*EXERCISE BRIEF*: When you copy the entries, match them exactly and omit the pictures.

*DATA UNDER STUDY*:
____

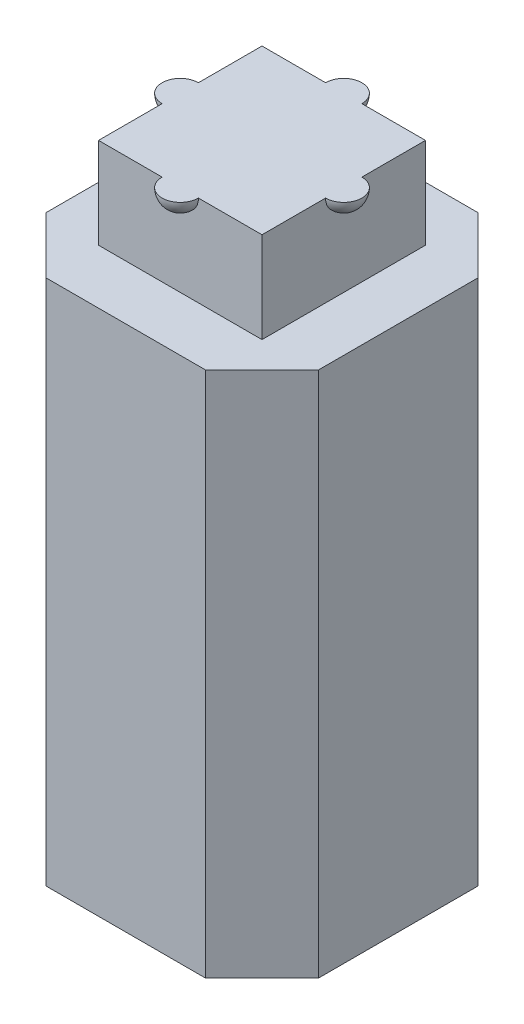
SolidWorks part; units mm, degrees
ref_plane "前视基准面" through (0, 0, 0) normal (0, 0, 1) x (1, 0, 0)
ref_plane "上视基准面" through (0, 0, 0) normal (0, 1, 0) x (1, 0, 0)
ref_plane "右视基准面" through (0, 0, 0) normal (1, 0, 0) x (0, 0, -1)
sketch "草图1" plane through (0, 0, 0) normal (0, 1, 0) x (1, 0, 0)
  line L0 (2.25, -0.4) -> (2.25, -2.25)
  line L1 (-2.25, 2.25) -> (-0.4, 2.25)
  line L2 (-2.25, 2.25) -> (-2.25, 0.4)
  line L3 (-2.25, -2.25) -> (-0.4, -2.25)
  line L4 (2.25, 2.25) -> (2.25, 0.4)
  line L5 (-2.25, -0.4) -> (-2.25, -2.25)
  line L6 (0.4, 2.25) -> (2.25, 2.25)
  line L7 (0.4, -2.25) -> (2.25, -2.25)
  line L8 (2.1897, -3.75) -> (3.75, -2.1897)
  line L17 (3.75, 2.1897) -> (3.75, -2.1897)
  line L18 (2.1897, 3.75) -> (3.75, 2.1897)
  line L19 (2.1897, 3.75) -> (-2.1897, 3.75)
  line L20 (-3.75, 2.1897) -> (-2.1897, 3.75)
  line L21 (-3.75, 2.1897) -> (-3.75, -2.1897)
  line L22 (-3.75, -2.1897) -> (-2.1897, -3.75)
  line L23 (2.1897, -3.75) -> (-2.1897, -3.75)
  arc A0 (0.4, 2.25) -> (-0.4, 2.25) centre (0, 2.25) ccw
  arc A1 (2.25, -0.4) -> (2.25, 0.4) centre (2.25, 0) ccw
  arc A2 (-0.4, -2.25) -> (0.4, -2.25) centre (0, -2.25) ccw
  arc A3 (-2.25, 0.4) -> (-2.25, -0.4) centre (-2.25, 0) ccw
  dimension "D3" = 0.8
  dimension "D4" = 0.8
  dimension "D5" = 0.8
  dimension "D6" = 0.8
extrude "凸台-拉伸1" add sketch "草图1" along normal blind 4
sketch "草图2" plane through (0, 4, 0) normal (0, 1, 0) x (1, 0, 0)
  line L16 (-2.1897, -3.75) -> (2.1897, -3.75)
  line L17 (2.1897, -3.75) -> (3.75, -2.1897)
  line L18 (3.75, -2.1897) -> (3.75, 2.1897)
  line L19 (3.75, 2.1897) -> (2.1897, 3.75)
  line L20 (2.1897, 3.75) -> (-2.1897, 3.75)
  line L21 (-2.1897, 3.75) -> (-3.75, 2.1897)
  line L22 (-3.75, 2.1897) -> (-3.75, -2.1897)
  line L23 (-3.75, -2.1897) -> (-2.1897, -3.75)
  line L24 (-2.1897, -3.75) -> (2.1897, -3.75)
  line L25 (2.1897, -3.75) -> (3.75, -2.1897)
  line L26 (3.75, -2.1897) -> (3.75, 2.1897)
  line L27 (3.75, 2.1897) -> (2.1897, 3.75)
  line L28 (2.1897, 3.75) -> (-2.1897, 3.75)
  line L29 (-2.1897, 3.75) -> (-3.75, 2.1897)
  line L30 (-3.75, 2.1897) -> (-3.75, -2.1897)
  line L31 (-3.75, -2.1897) -> (-2.1897, -3.75)
  dimension "D1" = 0
extrude "凸台-拉伸2" add sketch "草图2" along normal blind 10.5
sketch "草图3" plane through (0, 14.5, 0) normal (0, 1, 0) x (1, 0, 0)
  line L1 (-2.25, 2.25) -> (2.25, 2.25)
  line L2 (-2.25, 2.25) -> (-2.25, -2.25)
  line L3 (-2.25, -2.25) -> (2.25, -2.25)
  line L4 (2.25, 2.25) -> (2.25, -2.25)
  line L5 (-2.25, 2.25) -> (2.25, -2.25) construction
  line L6 (-2.25, -2.25) -> (2.25, 2.25) construction
  point P1 (0, 0)
  dimension "D1" = 4.5
  dimension "D2" = 4.5
extrude "凸台-拉伸3" add sketch "草图3" along normal blind 2.5
sketch "草图4" plane through (0, 17, 0) normal (0, 1, 0) x (1, 0, 0)
  line L0 (2.25, 2.25) -> (-2.25, 2.25) construction
  line L1 (-2.25, -2.25) -> (2.25, -2.25) construction
  line L2 (0, 2.75) -> (0, 1.75)
  line L5 (0, -1.75) -> (0, -2.75)
  arc A0 (0, 2.75) -> (0, 1.75) centre (0, 2.25) ccw
  arc A1 (0, -1.75) -> (0, -2.75) centre (0, -2.25) ccw
  dimension "D1" = 1
  dimension "D2" = 1
revolve "旋转1" add sketch "草图4" angle 360 about L2
sketch "草图5" plane through (0, 17, 0) normal (0, 1, 0) x (1, 0, 0)
  line L0 (-2.25, 2.25) -> (-2.25, -2.25) construction
  line L1 (2.25, -2.25) -> (2.25, 2.25) construction
  line L2 (-2.75, 0) -> (-1.75, 0)
  line L5 (1.75, 0) -> (2.75, 0)
  arc A0 (-2.75, 0) -> (-1.75, 0) centre (-2.25, 0) ccw
  arc A1 (1.75, 0) -> (2.75, 0) centre (2.25, 0) ccw
  dimension "D1" = 1
  dimension "D2" = 1
revolve "旋转2" add sketch "草图5" angle 360 about L2
sketch "草图6" plane through (0, 17, 0) normal (0, 1, 0) x (1, 0, 0)
  line L1 (-2.8177, 2.9698) -> (2.8177, 2.9698)
  line L2 (-2.8177, 2.9698) -> (-2.8177, -2.9698)
  line L3 (-2.8177, -2.9698) -> (2.8177, -2.9698)
  line L4 (2.8177, 2.9698) -> (2.8177, -2.9698)
  line L5 (-2.8177, 2.9698) -> (2.8177, -2.9698) construction
  line L6 (-2.8177, -2.9698) -> (2.8177, 2.9698) construction
  point P0 (0, 0)
extrude "切除-拉伸2" cut sketch "草图6" along normal blind 2.5

____

*YOUR RESPONSE*:
SolidWorks part; units mm, degrees
ref_plane "前视基准面" through (0, 0, 0) normal (0, 0, 1) x (1, 0, 0)
ref_plane "上视基准面" through (0, 0, 0) normal (0, 1, 0) x (1, 0, 0)
ref_plane "右视基准面" through (0, 0, 0) normal (1, 0, 0) x (0, 0, -1)
sketch "草图1" plane through (0, 0, 0) normal (0, 1, 0) x (1, 0, 0)
  line L0 (2.25, -0.4) -> (2.25, -2.25)
  line L1 (-2.25, 2.25) -> (-0.4, 2.25)
  line L2 (-2.25, 2.25) -> (-2.25, 0.4)
  line L3 (-2.25, -2.25) -> (-0.4, -2.25)
  line L4 (2.25, 2.25) -> (2.25, 0.4)
  line L5 (-2.25, -0.4) -> (-2.25, -2.25)
  line L6 (0.4, 2.25) -> (2.25, 2.25)
  line L7 (0.4, -2.25) -> (2.25, -2.25)
  line L8 (2.1897, -3.75) -> (3.75, -2.1897)
  line L17 (3.75, 2.1897) -> (3.75, -2.1897)
  line L18 (2.1897, 3.75) -> (3.75, 2.1897)
  line L19 (2.1897, 3.75) -> (-2.1897, 3.75)
  line L20 (-3.75, 2.1897) -> (-2.1897, 3.75)
  line L21 (-3.75, 2.1897) -> (-3.75, -2.1897)
  line L22 (-3.75, -2.1897) -> (-2.1897, -3.75)
  line L23 (2.1897, -3.75) -> (-2.1897, -3.75)
  arc A0 (0.4, 2.25) -> (-0.4, 2.25) centre (0, 2.25) ccw
  arc A1 (2.25, -0.4) -> (2.25, 0.4) centre (2.25, 0) ccw
  arc A2 (-0.4, -2.25) -> (0.4, -2.25) centre (0, -2.25) ccw
  arc A3 (-2.25, 0.4) -> (-2.25, -0.4) centre (-2.25, 0) ccw
  dimension "D3" = 0.8
  dimension "D4" = 0.8
  dimension "D5" = 0.8
  dimension "D6" = 0.8
extrude "凸台-拉伸1" add sketch "草图1" along normal blind 4
sketch "草图2" plane through (0, 4, 0) normal (0, 1, 0) x (1, 0, 0)
  line L16 (-2.1897, -3.75) -> (2.1897, -3.75)
  line L17 (2.1897, -3.75) -> (3.75, -2.1897)
  line L18 (3.75, -2.1897) -> (3.75, 2.1897)
  line L19 (3.75, 2.1897) -> (2.1897, 3.75)
  line L20 (2.1897, 3.75) -> (-2.1897, 3.75)
  line L21 (-2.1897, 3.75) -> (-3.75, 2.1897)
  line L22 (-3.75, 2.1897) -> (-3.75, -2.1897)
  line L23 (-3.75, -2.1897) -> (-2.1897, -3.75)
  line L24 (-2.1897, -3.75) -> (2.1897, -3.75)
  line L25 (2.1897, -3.75) -> (3.75, -2.1897)
  line L26 (3.75, -2.1897) -> (3.75, 2.1897)
  line L27 (3.75, 2.1897) -> (2.1897, 3.75)
  line L28 (2.1897, 3.75) -> (-2.1897, 3.75)
  line L29 (-2.1897, 3.75) -> (-3.75, 2.1897)
  line L30 (-3.75, 2.1897) -> (-3.75, -2.1897)
  line L31 (-3.75, -2.1897) -> (-2.1897, -3.75)
  dimension "D1" = 0
extrude "凸台-拉伸2" add sketch "草图2" along normal blind 10.5
sketch "草图3" plane through (0, 14.5, 0) normal (0, 1, 0) x (1, 0, 0)
  line L1 (-2.25, 2.25) -> (2.25, 2.25)
  line L2 (-2.25, 2.25) -> (-2.25, -2.25)
  line L3 (-2.25, -2.25) -> (2.25, -2.25)
  line L4 (2.25, 2.25) -> (2.25, -2.25)
  line L5 (-2.25, 2.25) -> (2.25, -2.25) construction
  line L6 (-2.25, -2.25) -> (2.25, 2.25) construction
  point P1 (0, 0)
  dimension "D1" = 4.5
  dimension "D2" = 4.5
extrude "凸台-拉伸3" add sketch "草图3" along normal blind 2.5
sketch "草图4" plane through (0, 17, 0) normal (0, 1, 0) x (1, 0, 0)
  line L0 (2.25, 2.25) -> (-2.25, 2.25) construction
  line L1 (-2.25, -2.25) -> (2.25, -2.25) construction
  line L2 (0, 2.75) -> (0, 1.75)
  line L5 (0, -1.75) -> (0, -2.75)
  arc A0 (0, 2.75) -> (0, 1.75) centre (0, 2.25) ccw
  arc A1 (0, -1.75) -> (0, -2.75) centre (0, -2.25) ccw
  dimension "D1" = 1
  dimension "D2" = 1
revolve "旋转1" add sketch "草图4" angle 360 about L2
sketch "草图5" plane through (0, 17, 0) normal (0, 1, 0) x (1, 0, 0)
  line L0 (-2.25, 2.25) -> (-2.25, -2.25) construction
  line L1 (2.25, -2.25) -> (2.25, 2.25) construction
  line L2 (-2.75, 0) -> (-1.75, 0)
  line L5 (1.75, 0) -> (2.75, 0)
  arc A0 (-2.75, 0) -> (-1.75, 0) centre (-2.25, 0) ccw
  arc A1 (1.75, 0) -> (2.75, 0) centre (2.25, 0) ccw
  dimension "D1" = 1
  dimension "D2" = 1
revolve "旋转2" add sketch "草图5" angle 360 about L2
sketch "草图6" plane through (0, 17, 0) normal (0, 1, 0) x (1, 0, 0)
  line L1 (-2.8177, 2.9698) -> (2.8177, 2.9698)
  line L2 (-2.8177, 2.9698) -> (-2.8177, -2.9698)
  line L3 (-2.8177, -2.9698) -> (2.8177, -2.9698)
  line L4 (2.8177, 2.9698) -> (2.8177, -2.9698)
  line L5 (-2.8177, 2.9698) -> (2.8177, -2.9698) construction
  line L6 (-2.8177, -2.9698) -> (2.8177, 2.9698) construction
  point P0 (0, 0)
extrude "切除-拉伸2" cut sketch "草图6" along normal blind 2.5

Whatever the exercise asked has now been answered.